# Need Help on Wine Rack Plans



## Ryan2383 (Oct 8, 2014)

Hello, I found the following wine rack through an image search and am trying to develop plans for it.

The site says the rack is about 8" wide and 3' long.

1. What size board would you use for the back? I was thinking either a 1x8 or 1x12?

2. What size for the shelves? 2x4 or 2x6?










Thanks!


----------



## Maylar (Sep 3, 2013)

A 1x8 will be 7-1/2" wide which should be OK. 2x4 would be OK for shelves, assuming the thing is attached to a wall. If it's free standing I would do 2x6 or bigger otherwise it'll be tippy. I assume that the other side has more shelves?


----------



## Black540i (Jan 4, 2013)

A 1x8 is 7-1/4", not 7-1/2. That entire project was done with a 1x8. The weight of the bottles will keep it balanced, unless your floor is really crooked. 

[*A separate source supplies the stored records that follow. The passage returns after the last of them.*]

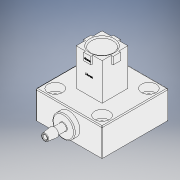
# Autodesk Inventor part: 9mm_ball_holder
Saved by Autodesk Inventor 2019 (Build 230136000, 136)
## iProperties
Created: 2019-03-11
Part Number: 9mm_ball_holder
Material: ABS Plastic
Document SubType Name: Modeling
Designer: Wilson Lab
Density: 1.06 g/cm^3
Appearance: Smooth - White
Author: Wilson Lab
Autodesk Inventor part; units mm, degrees
ref_plane "YZ Plane" through (0, 0, 0) normal (1, 0, 0) x (0, 1, 0)
ref_plane "XZ Plane" through (0, 0, 0) normal (0, 1, 0) x (-1, 0, 0)
ref_plane "XY Plane" through (0, 0, 0) normal (0, 0, 1) x (1, 0, 0)
sketch "Sketch1" plane through (0, 0, 0) normal (0, 0, 1) x (1, 0, 0)
  line L0 (0, 0) -> (-7, 0) construction
  line L1 (-7, 0) -> (-7, 20) construction
  line L2 (-7, 20) -> (0, 20) construction
  line L3 (0, 20) -> (0, 0) construction
  circle A0 centre (0, 20.35) radius 6 construction
  line L4 (-7, 20) -> (-6.6598, 20)
  line L5 (-0.75, 13.7688) -> (-0.75, 0)
  arc A1 (-5.9198, 19.3722) -> (-1.3333, 14.5) centre (0, 20.35) ccw
  arc A2 (-0.75, 13.7688) -> (-1.3333, 14.5) centre (-1.5, 13.7688) ccw
  arc A3 (-5.9198, 19.3722) -> (-6.6598, 20) centre (-6.6598, 19.25) ccw
  line L6 (-7, 20) -> (-7, 0)
  line L7 (-7, 0) -> (-0.75, 0)
  point P0 (-5.9898, 20)
  point P1 (-0.75, 14.3971)
  dimension "d0" = 7
  dimension "d1" = 20
  dimension "d5" = 12
  dimension "d6" = 0.35
  dimension "d7" = 0.75
  dimension "d8" = 0.75
  dimension "d9" = 0.75
  dimension "d132" = 1.0102
  constraints: 18 end point, 10 point on circle, 5 point on line, 4 centre point, 4 tangent, 3 perpendicular, 2 parallel, 1 collinear, 1 concentric, 1 horizontal
  measures "d0" distance between parallel lines of L3 L1
  measures "d1" distance between parallel lines of L0 L2
  measures "d5" diameter of A0
  measures "d6" distance of A0.centre L2.end
  measures "d7" distance between parallel lines of L3 L5
  measures "d8" radius of A2
  measures "d9" radius of A3
  measures "d132" distance of A0.start L1.end
revolve "Revolution1" add sketch "Sketch1" angle 360 about axis through (0, 20, 0) along (0, -1, 0)
ref_plane "Work Plane1" through (0, 20, 0) normal (0, 1, 0) x (1, 0, 0)
sketch "Sketch2" plane through (0, 20, 0) normal (0, 1, 0) x (1, 0, 0)
  circle A0 centre (0, 0) radius 7 projected
  circle A1 centre (0, 0) radius 7 construction
  line L0 (-7, -7) -> (7, -7)
  line L1 (7, -7) -> (7, 7)
  line L2 (7, 7) -> (-7, 7)
  line L3 (-7, 7) -> (-7, -7)
  circle A2 centre (0, 0) radius 1.3333 projected
  line L4 (-7, -7) -> (7, 7) construction
  line L5 (7, -7) -> (-7, 7) construction
  point P0 (0, 0)
  dimension "d124" = 0
  constraints: 12 end point, 2 midpoint, 2 parallel, 2 tangent, 1 centre point, 1 coincident, 1 horizontal, 1 perpendicular
  measures "d124" distance edge to line of A0 L1
extrude "Extrusion1" add sketch "Sketch2" against normal up to surface (20 mm away) contours L1 L0 A0 | A0 L2 L1 | A0 L3 L2 | L0 L3 A0
ref_plane "Work Plane7" through (0, 0, 0) normal (0, -1, 0) x (1, 0, 0)
sketch "Sketch11" plane through (0, 0, 0) normal (0, -1, 0) x (1, 0, 0)
  line L0 (0, 18) -> (0, 0) construction
  line L1 (-18, -18) -> (18, -18)
  line L2 (18, -18) -> (18, 18)
  line L3 (18, 18) -> (-18, 18)
  line L4 (-18, 18) -> (-18, -18)
  line L5 (-18, -18) -> (18, 18) construction
  line L6 (18, -18) -> (-18, 18) construction
  dimension "d60" = 36
  dimension "d61" = 36
  constraints: 14 end point, 3 midpoint, 2 parallel, 1 horizontal, 1 perpendicular
  measures "d60" distance of L1.end L2.end
  measures "d61" distance of L2.end L3.end
extrude "Extrusion6" add sketch "Sketch11" along normal blind 15
sketch "Sketch16" plane through (-18, 0, -18) normal (-1, 0, 0) x (0, 0, 1)
  line L0 (36, 0) -> (0, 0) construction
  line L1 (0, 0) -> (0, -15) construction
  line L2 (36, -15) -> (0, -15) construction
  line L3 (36, 0) -> (36, -15) construction
  line L4 (18.75, 13.7688) -> (18.75, 0) construction
  line L5 (17.25, 13.7688) -> (17.25, 0) construction
  line L6 (18, -7.5) -> (18, 0) construction
  line L7 (36, 0) -> (36, -15) construction
  line L8 (36, 0) -> (36, -7.5) construction
  line L9 (18, -7.5) -> (36, -7.5) construction
  circle A0 centre (18, -7.5) radius 4.225
  dimension "d64" = 8.45
  constraints: 6 end point, 1 centre point, 1 coincident, 1 horizontal, 1 midpoint, 1 vertical
  measures "d64" diameter of A0
extrude "Extrusion7" cut sketch "Sketch16" against normal blind 32.7
sketch "Sketch17" plane through (0, 0, 0) normal (0, -1, 0) x (1, 0, 0)
  circle A0 centre (0, 0) radius 0.75 projected
  point P0 (0, 0)
ref_plane "Work Plane8" through (-18, 0, 0) normal (0, 0, 1) x (1, 0, 0)
sketch "Sketch18" plane through (-18, 0, 0) normal (0, 0, 1) x (1, 0, 0)
  line L0 (18, 0) -> (18, -10.576)
  line L1 (0, -11.725) -> (32.7, -11.725) projected
  constraints: 2 end point, 1 vertical
sweep "Sweep3" cut profiles "Sketch17" path "Sketch18" path curves L0
fillet "Fillet1" radius 3 1 edges at (-0.75, -3.275, -0.001)
sketch "Sketch19" plane through (0, 0, 0) normal (0, 1, 0) x (1, 0, 0)
  line L0 (18, -18) -> (-18, -18) construction
  line L1 (18, 18) -> (18, -18) construction
  line L2 (-18, 18) -> (18, 18) construction
  line L3 (-18, -18) -> (-18, 18) construction
  line L4 (-12.7, 12.7) -> (12.7, 12.7) construction
  line L5 (12.7, 12.7) -> (12.7, -12.7) construction
  line L6 (12.7, -12.7) -> (-12.7, -12.7) construction
  line L7 (-12.7, -12.7) -> (-12.7, 12.7) construction
  circle A0 centre (0, 0) radius 1.3333 construction
  line L8 (-12.7, 12.7) -> (12.7, -12.7) construction
  line L9 (12.7, 12.7) -> (-12.7, -12.7) construction
  point P0 (0, 0)
  dimension "d70" = 25.4
  dimension "d71" = 25.4
  constraints: 12 end point, 4 coincident, 2 midpoint, 2 parallel, 1 horizontal, 1 perpendicular
  measures "d70" distance of L4.end L5.end
  measures "d71" distance of L5.end L6.end
hole "Hole3" at (12.7, 0, -12.7) at (12.7, 0, 12.7) at (-12.7, 0, 12.7) at (-12.7, 0, -12.7) direction (0, -1, 0) diameter 4.496 end through all counterbore diameter 7.938 counterbore depth 4.166
sketch "Sketch21" plane through (-18, 0, 0) normal (0, 0, 1) x (1, 0, 0)
  line L0 (0, -11.725) -> (0, -3.275) construction
  line L1 (0, 0) -> (0, -15) construction
  line L2 (0, -7.5) -> (-3, -7.5)
  line L3 (-3, -9.6296) -> (-3, -13.5)
  line L4 (-3, -13.5) -> (0, -13.5)
  line L5 (0, -13.5) -> (0, -7.5) construction
  line L6 (-3.25, -9.3796) -> (-8, -9.3796)
  arc A0 (-3, -9.6296) -> (-3.25, -9.3796) centre (-3.25, -9.6296) ccw
  line L7 (-8, -9.3796) -> (-8, -9.913)
  line L8 (-8, -9.913) -> (-12.8561, -9.4031)
  line L9 (-8, -9.3796) -> (-13.08, -9.3796) construction
  line L10 (-12.83, -8.65) -> (0, -8.65)
  line L11 (-13.08, -8.9) -> (-13.08, -9.1545)
  arc A1 (-12.83, -8.65) -> (-13.08, -8.9) centre (-12.83, -8.9) ccw
  arc A2 (-13.08, -9.1545) -> (-12.8561, -9.4031) centre (-12.83, -9.1545) ccw
  line L12 (0, -8.65) -> (0, -13.5)
  point P0 (18, 0)
  point P1 (-3, -9.3796)
  dimension "d79" = 3
  dimension "d80" = 6
  dimension "d81" = 5
  dimension "d82" = 1.8796
  dimension "d83" = 0.25
  dimension "d84" = 2.413
  dimension "d85" = 5.08
  dimension "d86" = 1.15
  dimension "d87" = 0.25
  dimension "d88" = 0.25
  constraints: 22 end point, 6 point on circle, 6 point on line, 6 tangent, 3 centre point, 3 horizontal, 2 parallel, 2 perpendicular, 2 vertical, 1 collinear, 1 midpoint
  measures "d79" distance of L3.end L4.end
  measures "d80" distance between parallel lines of L2 L4
  measures "d81" distance of point (-3, -9.38) L6.end
  measures "d82" distance between parallel lines of L2 L6
  measures "d83" radius of A0
  measures "d84" distance from line of L2 L7.end
  measures "d85" horizontal distance of L7.end L9.end
  measures "d86" distance between parallel lines of L10 L2
  measures "d87" radius of A1
  measures "d88" radius of A2
revolve "Revolution2" add sketch "Sketch21" angle 360 about axis through (-18, -7.5, 0) along (-1, 0, 0)
fillet "Fillet2" radius 0.5 9 edges at (-21, -1.5, 0) (0, 0, -18) (-18, 0, 0) (0, 0, 18) (18, 0, 0) (18, -7.5, 18) (-18, -7.5, 18) (-18, -7.5, -18) (18, -7.5, -18)
sketch "Sketch28" plane through (-7, 20, -7) normal (-1, 0, 0) x (0, 0, 1)
  line L0 (0, -20) -> (14, -20) construction
  line L1 (14, 0) -> (14, -20) construction
  line L2 (0, 0) -> (14, 0) construction
  line L3 (0, 0) -> (0, -20) construction
  line L4 (5, -4) -> (9, -4)
  line L5 (9, -4) -> (9, 0)
  line L6 (9, 0) -> (5, 0)
  line L7 (5, 0) -> (5, -4)
  line L8 (5, -2) -> (0, -2) construction
  line L9 (9, -2) -> (14, -2) construction
  point P0 (7, -20)
  dimension "d125" = 0
  dimension "d126" = 4
  constraints: 12 end point, 3 point on line, 2 equal length, 2 midpoint, 2 parallel, 2 perpendicular, 1 horizontal
  measures "d125" distance between parallel lines of L2 L6
  measures "d126" distance of L4.end L5.end
extrude "Extrusion13" add sketch "Sketch28" along normal blind 1
pattern_circular "Circular Pattern1" count 4 over 360 about axis through (0, -10, 0) along (0, 1, 0) of "Extrusion13"
sketch "Sketch30" plane through (-8, 20, -7) normal (-1, 0, 0) x (0, 0, 1)
  line L0 (5, -4) -> (9, -4) construction
  line L1 (9, -4) -> (9, 0) construction
  line L2 (9, 0) -> (5, 0) construction
  line L3 (5, 0) -> (5, -4) construction
  line L4 (5, 0) -> (5, -4) construction
  line L5 (5, -4) -> (5, 0) construction
  line L6 (9, -4) -> (9, 0) construction
  line L7 (9, -4) -> (9, 0) construction
  line L8 (5, -2) -> (9, -2) construction
  line L9 (5, -2) -> (9, -2) construction
  line L10 (9, -2) -> (9, -3.0047) construction
  line L11 (9, -3.0047) -> (5, -3.0047) construction
  line L12 (5, -3.0047) -> (5, -2) construction
  spline S0 degree 2 poles (6.0864, -2.7146) (6.0864, -2.754) (6.0704, -2.7944) (6.0563, -2.7944) knots 0 0 0 1 2 2 2
  line L13 (6.0563, -2.7944) -> (5.9681, -2.7944)
  line L14 (5.9681, -2.7944) -> (5.9681, -2.9737)
  spline S1 degree 2 poles (5.9681, -2.9737) (5.9681, -2.9812) (5.9587, -2.9934) (5.9362, -3.0009) (5.8986, -3.0047) (5.8695, -3.0047) knots 0 0 0 1 2 3 4 4 4
  spline S2 degree 2 poles (5.8695, -3.0047) (5.8423, -3.0047) (5.8047, -3.0009) (5.7822, -2.9934) (5.7737, -2.9812) (5.7737, -2.9737) knots 0 0 0 1 2 3 4 4 4
  line L15 (5.7737, -2.9737) -> (5.7737, -2.7944)
  line L16 (5.7737, -2.7944) -> (5.3925, -2.7944)
  spline S3 degree 2 poles (5.3925, -2.7944) (5.3812, -2.7944) (5.3643, -2.7887) (5.3531, -2.77) (5.3474, -2.7333) (5.3474, -2.7033) knots 0 0 0 1 2 3 4 4 4
  spline S4 degree 2 poles (5.3474, -2.7033) (5.3474, -2.6789) (5.3493, -2.6432) (5.3549, -2.6131) (5.3653, -2.5878) (5.3728, -2.5728) knots 0 0 0 1 2 3 4 4 4
  line L17 (5.3728, -2.5728) -> (5.6826, -2.0272)
  spline S5 degree 2 poles (5.6826, -2.0272) (5.6864, -2.0197) (5.7052, -2.0103) (5.738, -2.0028) (5.7887, -2) (5.8254, -2) knots 0 0 0 1 2 3 4 4 4
  spline S6 degree 2 poles (5.8254, -2) (5.8648, -2) (5.9192, -2.0038) (5.9531, -2.0122) (5.9681, -2.0244) (5.9681, -2.0329) knots 0 0 0 1 2 3 4 4 4
  line L18 (5.9681, -2.0329) -> (5.9681, -2.6329)
  line L19 (5.9681, -2.6329) -> (6.0563, -2.6329)
  spline S7 degree 2 poles (6.0563, -2.6329) (6.0685, -2.6329) (6.0864, -2.6704) (6.0864, -2.7146) knots 0 0 0 1 2 2 2
  line L20 (5.7737, -2.1746) -> (5.7718, -2.1746)
  line L21 (5.7718, -2.1746) -> (5.5089, -2.6329)
  line L22 (5.5089, -2.6329) -> (5.7737, -2.6329)
  line L23 (5.7737, -2.6329) -> (5.7737, -2.1746)
  spline S8 degree 2 poles (7.3061, -2.9737) (7.3061, -2.9812) (7.2967, -2.9934) (7.2751, -3.0009) (7.2385, -3.0047) (7.2094, -3.0047) knots 0 0 0 1 2 3 4 4 4
  spline S9 degree 2 poles (7.2094, -3.0047) (7.1803, -3.0047) (7.1437, -3.0009) (7.1211, -2.9934) (7.1127, -2.9812) (7.1127, -2.9737) knots 0 0 0 1 2 3 4 4 4
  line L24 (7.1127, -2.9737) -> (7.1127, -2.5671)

Sent from my SAMSUNG-SM-G900A using woodworkingtalk.com mobile app


----------



## Ryan2383 (Oct 8, 2014)

Thanks for your reply. It would be attached to the wall, so I think the 2x4 will work. I need a 1" hole for the neck of the bottle so that should leave enough space on either side for screws.


----------



## FrankC (Aug 24, 2012)

I just measured a wine bottle that was sitting here and the wide part is just over 9" high so I am guessing the base board is a 1 X 10. It only shows 1 bottle in the rack, which doesn't give that good of an idea of how much room is required for the bottle to fit in shelf below, 1 X 8 would likely be too tight.


----------



## Ryan2383 (Oct 8, 2014)

Here is another version of the same design. It looks a little narrower, but shows how the bottles fit around each other. I am curious how to plan the cuts. My idea is to measure down every 6" and just place the 2x4 on the board to find the length. Is there a better way of figuring out the length of the cut? This is one of my first projects.


----------



## GeorgeC (Jul 30, 2008)

If the site says the vertical board is 8" wide then why do you not believe them. The zig,zag pieces are NOT 2x4. I am sure they are the same 3/4" board as the back. A 2x4 would not look balanced.

George


----------



## FrankC (Aug 24, 2012)

To get an actual 8" wide board you would start with a 1x10, I would build one out of cheap 3/4" plywood to play around with before cutting up good material. Looks like the actual racks are 3/4" thick material not 1 1/2".


----------



## Chamfer (Sep 6, 2014)

Like has been said, thats all 3/4" material, nothing 2x. 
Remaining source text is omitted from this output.